__REQUIREMENT__
In this exercise, retype exactly and only the lines from the top of the entries below through the line that holds "LEDS3:D7, LEDS3:D8: LED_5MM", omitting pictures.

(LISTED ENTRIES begins)

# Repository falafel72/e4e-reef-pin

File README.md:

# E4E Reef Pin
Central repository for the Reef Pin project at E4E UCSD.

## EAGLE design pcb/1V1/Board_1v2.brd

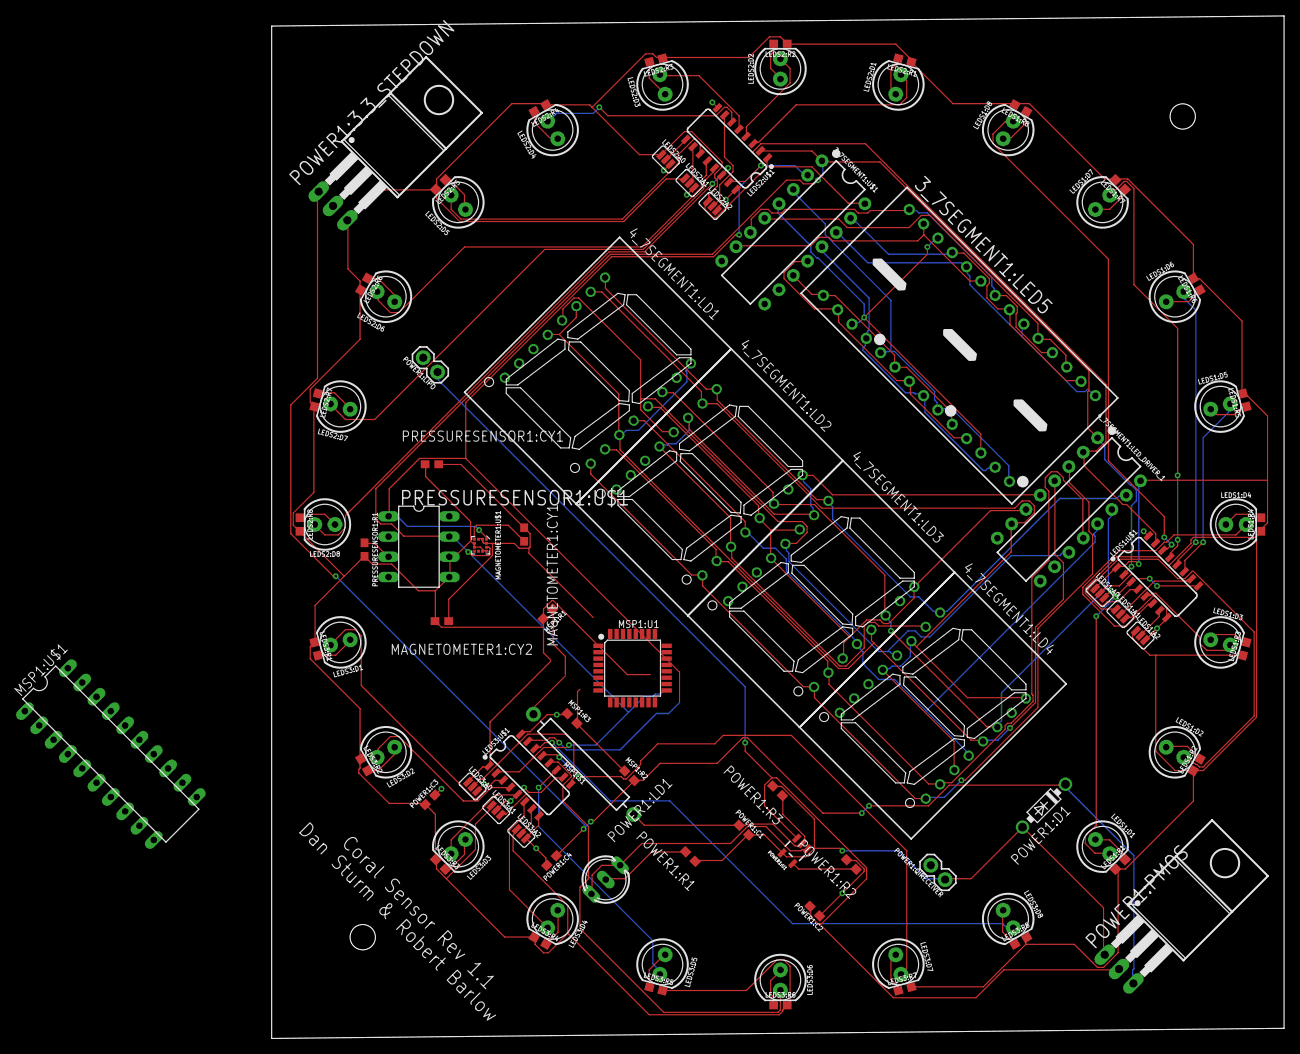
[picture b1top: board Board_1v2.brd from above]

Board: 2 copper layers, 127.0 x 128.3 mm, 93 parts (0 on the bottom side), 91 nets.

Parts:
3_7SEGMENT1:LED5: BA56-11EWA; BA/BC56
3_7SEGMENT1:U$1: MAX6958BAPE+; DIP16
4_7SEGMENT1:LD1, 4_7SEGMENT1:LD2, 4_7SEGMENT1:LD3, 4_7SEGMENT1:LD4: SA08-11; SA08
4_7SEGMENT1:LED_DRIVER_1: DIP16
LEDS1:A0, LEDS1:A1, LEDS1:A2, LEDS2:A0, LEDS2:A1, LEDS2:A2, LEDS3:A0, LEDS3:A1, LEDS3:A2: SMT-JUMPER_3_NO_SILK
LEDS1:D1, LEDS1:D2, LEDS1:D3, LEDS1:D4, LEDS1:D5, LEDS1:D6, LEDS1:D7, LEDS1:D8, LEDS2:D1, LEDS2:D2, LEDS2:D3, LEDS2:D4, LEDS2:D5, LEDS2:D6, LEDS2:D7, LEDS2:D8, LEDS3:D1, LEDS3:D2, LEDS3:D3, LEDS3:D4, LEDS3:D5, LEDS3:D6, LEDS3:D7, LEDS3:D8: LED_5MM
LEDS1:R1, LEDS1:R2, LEDS1:R3, LEDS1:R4, LEDS1:R5, LEDS1:R6, LEDS1:R7, LEDS1:R8, LEDS2:R1, LEDS2:R2, LEDS2:R3, LEDS2:R4, LEDS2:R5, LEDS2:R6, LEDS2:R7, LEDS2:R8, LEDS3:R1, LEDS3:R2, LEDS3:R3, LEDS3:R4, LEDS3:R5, LEDS3:R6, LEDS3:R7, LEDS3:R8: 100; 0603
LEDS1:U$1, LEDS2:U$1, LEDS3:U$1: TPIC2810D; SO16
MAGNETOMETER1:CY1, MAGNETOMETER1:CY2: 0.1uF; 0603
MAGNETOMETER1:U$1: LGA-12
MSP1:R1: 100; 0603
MSP1:R2, MSP1:R3: 100k; 0603
MSP1:S1: REED_SWITCH-PTH-GLASS; REED_SWITCH_GLASS
MSP1:U1: MCU-ATMEGA328P-AU(TQFP32); TQFP32-0.8-7X7MM
MSP1:U$1: MSP430G2452IN20; DIL20
POWER1:3.3_STEPDOWN: MCP1826S; T03B
POWER1:C1, POWER1:C2: 4.7uF; 0603
POWER1:C3, POWER1:C4: 10uF; 0603
POWER1:D1: 1N5817-B; DO41-7.6
POWER1:LD1: DUOLED-A-5MM
POWER1:LIPO, POWER1:QIRECEIVER: 1X02
POWER1:PMOS: IPP80P03P4L-04; T03B
POWER1:R1: 470; 0603
POWER1:R2: 2.0k; 0603
POWER1:R3: 100k; 0603
POWER1:U1: MCP73831; SOT23-5
PRESSURESENSOR1:CY1: 0.1uF; 0603
PRESSURESENSOR1:R1: 10k; 0603
PRESSURESENSOR1:U$1: MS5803-14BA; DIL8

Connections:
3.3V: 3_7SEGMENT1:U$1.16, 4_7SEGMENT1:LED_DRIVER_1.16, LEDS1:A0.1, LEDS1:A1.1, LEDS1:A2.1, LEDS1:R1.1, LEDS1:R2.1, LEDS1:R3.1, LEDS1:R4.1, LEDS1:R5.2, LEDS1:R6.2, LEDS1:R7.2, LEDS1:R8.2, LEDS1:U$1.1, LEDS2:A0.1, LEDS2:A1.1, LEDS2:A2.1, LEDS2:R1.1, LEDS2:R2.1, LEDS2:R3.1, LEDS2:R4.1, LEDS2:R5.2, LEDS2:R6.2, LEDS2:R7.2, LEDS2:R8.2, LEDS2:U$1.1, LEDS3:A0.1, LEDS3:A1.1, LEDS3:A2.1, LEDS3:R1.1, LEDS3:R2.1, LEDS3:R3.1, LEDS3:R4.1, LEDS3:R5.2, LEDS3:R6.2, LEDS3:R7.2, LEDS3:R8.2, LEDS3:U$1.1, MAGNETOMETER1:CY2.2, MAGNETOMETER1:U$1.5, MAGNETOMETER1:U$1.6, MAGNETOMETER1:U$1.9, MAGNETOMETER1:U$1.10, MSP1:R1.2, MSP1:U1.6, MSP1:U1.29, POWER1:3.3_STEPDOWN.3, POWER1:C3.1, PRESSURESENSOR1:CY1.1, PRESSURESENSOR1:R1.2, PRESSURESENSOR1:U$1.5, PRESSURESENSOR1:U$1.6
3_7SEGMENT1:N$1: 3_7SEGMENT1:LED5.3, 3_7SEGMENT1:LED5.12, 3_7SEGMENT1:LED5.26, 3_7SEGMENT1:U$1.4
3_7SEGMENT1:N$2: 3_7SEGMENT1:LED5.5, 3_7SEGMENT1:LED5.9, 3_7SEGMENT1:LED5.14, 3_7SEGMENT1:U$1.3
3_7SEGMENT1:N$8: 3_7SEGMENT1:LED5.16, 3_7SEGMENT1:LED5.21, 3_7SEGMENT1:LED5.25, 3_7SEGMENT1:U$1.15
3_7SEGMENT1:N$9: 3_7SEGMENT1:LED5.15, 3_7SEGMENT1:LED5.20, 3_7SEGMENT1:LED5.24, 3_7SEGMENT1:U$1.14
3_7SEGMENT1:N$10: 3_7SEGMENT1:LED5.4, 3_7SEGMENT1:LED5.8, 3_7SEGMENT1:LED5.13, 3_7SEGMENT1:U$1.13
3_7SEGMENT1:N$11: 3_7SEGMENT1:LED5.2, 3_7SEGMENT1:LED5.7, 3_7SEGMENT1:LED5.11, 3_7SEGMENT1:U$1.12
3_7SEGMENT1:N$26: 3_7SEGMENT1:LED5.1, 3_7SEGMENT1:LED5.6, 3_7SEGMENT1:LED5.10, 3_7SEGMENT1:U$1.11
3_7SEGMENT1:N$28: 3_7SEGMENT1:LED5.17, 3_7SEGMENT1:LED5.19, 3_7SEGMENT1:U$1.5
3_7SEGMENT1:N$29: 3_7SEGMENT1:LED5.23, 3_7SEGMENT1:LED5.27, 3_7SEGMENT1:U$1.7
3_7SEGMENT1:N$30: 3_7SEGMENT1:LED5.18, 3_7SEGMENT1:LED5.22, 3_7SEGMENT1:LED5.28, 3_7SEGMENT1:U$1.6
4_7SEGMENT1:N$1: 4_7SEGMENT1:LD1.1, 4_7SEGMENT1:LD2.1, 4_7SEGMENT1:LD3.1, 4_7SEGMENT1:LD4.1, 4_7SEGMENT1:LED_DRIVER_1.15
4_7SEGMENT1:N$2: 4_7SEGMENT1:LD1.14, 4_7SEGMENT1:LD2.14, 4_7SEGMENT1:LD3.14, 4_7SEGMENT1:LD4.14, 4_7SEGMENT1:LED_DRIVER_1.14
4_7SEGMENT1:N$3: 4_7SEGMENT1:LD1.12, 4_7SEGMENT1:LD2.12, 4_7SEGMENT1:LD3.12, 4_7SEGMENT1:LD4.12, 4_7SEGMENT1:LED_DRIVER_1.13
4_7SEGMENT1:N$4: 4_7SEGMENT1:LD1.10, 4_7SEGMENT1:LD2.10, 4_7SEGMENT1:LD3.10, 4_7SEGMENT1:LD4.10, 4_7SEGMENT1:LED_DRIVER_1.12
4_7SEGMENT1:N$5: 4_7SEGMENT1:LD1.4, 4_7SEGMENT1:LD2.4, 4_7SEGMENT1:LD3.4, 4_7SEGMENT1:LD4.4, 4_7SEGMENT1:LED_DRIVER_1.11
4_7SEGMENT1:N$6: 4_7SEGMENT1:LD1.3, 4_7SEGMENT1:LD1.5, 4_7SEGMENT1:LD1.11, 4_7SEGMENT1:LD1.16, 4_7SEGMENT1:LD3.13, 4_7SEGMENT1:LD4.13, 4_7SEGMENT1:LED_DRIVER_1.4
4_7SEGMENT1:N$7: 4_7SEGMENT1:LD1.9, 4_7SEGMENT1:LD2.9, 4_7SEGMENT1:LD3.9, 4_7SEGMENT1:LD4.9, 4_7SEGMENT1:LED_DRIVER_1.3
4_7SEGMENT1:N$9: 4_7SEGMENT1:LD1.2, 4_7SEGMENT1:LD2.2, 4_7SEGMENT1:LD4.3, 4_7SEGMENT1:LD4.5, 4_7SEGMENT1:LD4.11, 4_7SEGMENT1:LD4.16, 4_7SEGMENT1:LED_DRIVER_1.7
4_7SEGMENT1:N$12: 4_7SEGMENT1:LD2.3, 4_7SEGMENT1:LD2.5, 4_7SEGMENT1:LD2.11, 4_7SEGMENT1:LD2.16, 4_7SEGMENT1:LD3.2, 4_7SEGMENT1:LD4.2, 4_7SEGMENT1:LED_DRIVER_1.5
4_7SEGMENT1:N$13: 4_7SEGMENT1:LD1.13, 4_7SEGMENT1:LD2.13, 4_7SEGMENT1:LD3.3, 4_7SEGMENT1:LD3.5, 4_7SEGMENT1:LD3.11, 4_7SEGMENT1:LD3.16, 4_7SEGMENT1:LED_DRIVER_1.6
GND: 3_7SEGMENT1:U$1.8, 4_7SEGMENT1:LED_DRIVER_1.8, LEDS1:A0.3, LEDS1:A1.3, LEDS1:A2.3, LEDS1:U$1.8, LEDS1:U$1.16, LEDS2:A0.3, LEDS2:A1.3, LEDS2:A2.3, LEDS2:U$1.8, LEDS2:U$1.16, LEDS3:A0.3, LEDS3:A1.3, LEDS3:A2.3, LEDS3:U$1.8, LEDS3:U$1.16, MAGNETOMETER1:CY1.1, MAGNETOMETER1:CY2.1, MAGNETOMETER1:U$1.2, MAGNETOMETER1:U$1.3, MAGNETOMETER1:U$1.12, MSP1:R3.1, MSP1:S1.P$1, MSP1:U1.3, POWER1:3.3_STEPDOWN.2, POWER1:C1.1, POWER1:C2.1, POWER1:C3.2, POWER1:C4.2, POWER1:LIPO.2, POWER1:QIRECEIVER.2, POWER1:R2.2, POWER1:R3.1, POWER1:U1.2, PRESSURESENSOR1:CY1.2, PRESSURESENSOR1:U$1.2
LEDS1:N$1: LEDS1:D1.K, LEDS1:U$1.3
LEDS1:N$2: LEDS1:D2.K, LEDS1:U$1.4
LEDS1:N$3: LEDS1:D3.K, LEDS1:U$1.5
LEDS1:N$4: LEDS1:D4.K, LEDS1:U$1.6
LEDS1:N$5: LEDS1:D5.K, LEDS1:U$1.11
LEDS1:N$6: LEDS1:D6.K, LEDS1:U$1.12
LEDS1:N$7: LEDS1:D7.K, LEDS1:U$1.13
LEDS1:N$8: LEDS1:D8.K, LEDS1:U$1.14
LEDS1:N$9: LEDS1:A2.2, LEDS1:U$1.7
LEDS1:N$10: LEDS1:A1.2, LEDS1:U$1.10
LEDS1:N$11: LEDS1:A0.2, LEDS1:U$1.9
LEDS1:N$12: LEDS1:D5.A, LEDS1:R5.1
LEDS1:N$13: LEDS1:D6.A, LEDS1:R6.1
LEDS1:N$14: LEDS1:D7.A, LEDS1:R7.1
LEDS1:N$15: LEDS1:D8.A, LEDS1:R8.1
LEDS1:N$16: LEDS1:D1.A, LEDS1:R1.2
LEDS1:N$18: LEDS1:D2.A, LEDS1:R2.2
LEDS1:N$19: LEDS1:D3.A, LEDS1:R3.2
LEDS1:N$20: LEDS1:D4.A, LEDS1:R4.2
LEDS2:N$1: LEDS2:D1.K, LEDS2:U$1.3
LEDS2:N$2: LEDS2:D2.K, LEDS2:U$1.4
LEDS2:N$3: LEDS2:D3.K, LEDS2:U$1.5
LEDS2:N$4: LEDS2:D4.K, LEDS2:U$1.6
LEDS2:N$5: LEDS2:D5.K, LEDS2:U$1.11
LEDS2:N$6: LEDS2:D6.K, LEDS2:U$1.12
LEDS2:N$7: LEDS2:D7.K, LEDS2:U$1.13
LEDS2:N$8: LEDS2:D8.K, LEDS2:U$1.14
LEDS2:N$9: LEDS2:A2.2, LEDS2:U$1.7
LEDS2:N$10: LEDS2:A1.2, LEDS2:U$1.10
LEDS2:N$11: LEDS2:A0.2, LEDS2:U$1.9
LEDS2:N$12: LEDS2:D5.A, LEDS2:R5.1
LEDS2:N$13: LEDS2:D6.A, LEDS2:R6.1
LEDS2:N$14: LEDS2:D7.A, LEDS2:R7.1
LEDS2:N$15: LEDS2:D8.A, LEDS2:R8.1
LEDS2:N$16: LEDS2:D1.A, LEDS2:R1.2
LEDS2:N$18: LEDS2:D2.A, LEDS2:R2.2
LEDS2:N$19: LEDS2:D3.A, LEDS2:R3.2
LEDS2:N$20: LEDS2:D4.A, LEDS2:R4.2
LEDS3:N$1: LEDS3:D1.K, LEDS3:U$1.3
LEDS3:N$2: LEDS3:D2.K, LEDS3:U$1.4
LEDS3:N$3: LEDS3:D3.K, LEDS3:U$1.5
LEDS3:N$4: LEDS3:D4.K, LEDS3:U$1.6
LEDS3:N$5: LEDS3:D5.K, LEDS3:U$1.11
LEDS3:N$6: LEDS3:D6.K, LEDS3:U$1.12
LEDS3:N$7: LEDS3:D7.K, LEDS3:U$1.13
LEDS3:N$8: LEDS3:D8.K, LEDS3:U$1.14
LEDS3:N$9: LEDS3:A2.2, LEDS3:U$1.7
LEDS3:N$10: LEDS3:A1.2, LEDS3:U$1.10
LEDS3:N$11: LEDS3:A0.2, LEDS3:U$1.9
LEDS3:N$12: LEDS3:D5.A, LEDS3:R5.1
LEDS3:N$13: LEDS3:D6.A, LEDS3:R6.1
LEDS3:N$14: LEDS3:D7.A, LEDS3:R7.1
LEDS3:N$15: LEDS3:D8.A, LEDS3:R8.1
LEDS3:N$16: LEDS3:D1.A, LEDS3:R1.2
LEDS3:N$18: LEDS3:D2.A, LEDS3:R2.2
LEDS3:N$19: LEDS3:D3.A, LEDS3:R3.2
LEDS3:N$20: LEDS3:D4.A, LEDS3:R4.2
MAGNETOMETER1:N$3: MAGNETOMETER1:CY1.2, MAGNETOMETER1:U$1.4
MSP1:N$1: MSP1:R1.1, MSP1:S1.P$2, MSP1:U1.23
MSP1:N$2: MSP1:R2.1, MSP1:R3.2, MSP1:U1.24
unnamed: MSP1:R2.2, POWER1:3.3_STEPDOWN.1, POWER1:C4.1, POWER1:D1.C, POWER1:PMOS.3
unnamed: MSP1:U1.11, POWER1:LD1.CR, POWER1:LD1.CX, POWER1:U1.1
POWER1:N$2: POWER1:C2.2, POWER1:LIPO.1, POWER1:PMOS.2, POWER1:U1.3
POWER1:N$4: POWER1:C1.2, POWER1:D1.A, POWER1:PMOS.1, POWER1:QIRECEIVER.1, POWER1:R1.1, POWER1:R3.2, POWER1:U1.4
POWER1:N$6: POWER1:R2.1, POWER1:U1.5
POWER1:N$7: POWER1:LD1.A, POWER1:R1.2
PRESSURESENSOR1:N$1: PRESSURESENSOR1:R1.1, PRESSURESENSOR1:U$1.3
SCL: 3_7SEGMENT1:U$1.2, 4_7SEGMENT1:LED_DRIVER_1.2, LEDS1:U$1.15, LEDS2:U$1.15, LEDS3:U$1.15, MAGNETOMETER1:U$1.1, MSP1:U1.28, PRESSURESENSOR1:U$1.1
SDA: 3_7SEGMENT1:U$1.1, 4_7SEGMENT1:LED_DRIVER_1.1, LEDS1:U$1.2, LEDS2:U$1.2, LEDS3:U$1.2, MAGNETOMETER1:U$1.11, MSP1:U1.27, PRESSURESENSOR1:U$1.7

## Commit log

2019-05-01 added README
2019-05-03 Add files via upload
    numericLED test
2019-05-03 moved arduino sketch to correct folder
2019-05-03 Update test_numericLED.ino
    now you can change the LED using 4 digit numeric value
2019-05-03 Update test_numericLED.ino
    fixed minor errors
2019-05-04 added i2c communication to 7 segment display driver for depth reading
2019-05-06 Update e4e-reef-pin-logging.ino
    fixed the bugs, still minor issues
2019-05-17 Add files via upload
    test the bluetooth getting data from arduino
2019-05-17 Update get_data.py
    very buggy
2019-05-17 Add files via upload
    testing for bluetooth
2019-05-19 Update get_data.py
    now the test worked with the new if statement condition
2019-05-20 changed file location
2019-05-23 added external interrupts for charging and entering water
2019-05-24 PCB under folder 1.1, but file is named 1.2
2019-06-07 added low power functionality

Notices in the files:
parts and their libraries:
SparkFun-Switches: Licensing: Creative Commons ShareAlike 4.0 International - https://creativecommons.org/licenses/by-sa/4.0

(LISTED ENTRIES ends)

__EXERCISE OUTPUT__
# Repository falafel72/e4e-reef-pin

File README.md:

# E4E Reef Pin
Central repository for the Reef Pin project at E4E UCSD.

## EAGLE design pcb/1V1/Board_1v2.brd

[picture b1top: board Board_1v2.brd from above]

Board: 2 copper layers, 127.0 x 128.3 mm, 93 parts (0 on the bottom side), 91 nets.

Parts:
3_7SEGMENT1:LED5: BA56-11EWA; BA/BC56
3_7SEGMENT1:U$1: MAX6958BAPE+; DIP16
4_7SEGMENT1:LD1, 4_7SEGMENT1:LD2, 4_7SEGMENT1:LD3, 4_7SEGMENT1:LD4: SA08-11; SA08
4_7SEGMENT1:LED_DRIVER_1: DIP16
LEDS1:A0, LEDS1:A1, LEDS1:A2, LEDS2:A0, LEDS2:A1, LEDS2:A2, LEDS3:A0, LEDS3:A1, LEDS3:A2: SMT-JUMPER_3_NO_SILK
LEDS1:D1, LEDS1:D2, LEDS1:D3, LEDS1:D4, LEDS1:D5, LEDS1:D6, LEDS1:D7, LEDS1:D8, LEDS2:D1, LEDS2:D2, LEDS2:D3, LEDS2:D4, LEDS2:D5, LEDS2:D6, LEDS2:D7, LEDS2:D8, LEDS3:D1, LEDS3:D2, LEDS3:D3, LEDS3:D4, LEDS3:D5, LEDS3:D6, LEDS3:D7, LEDS3:D8: LED_5MM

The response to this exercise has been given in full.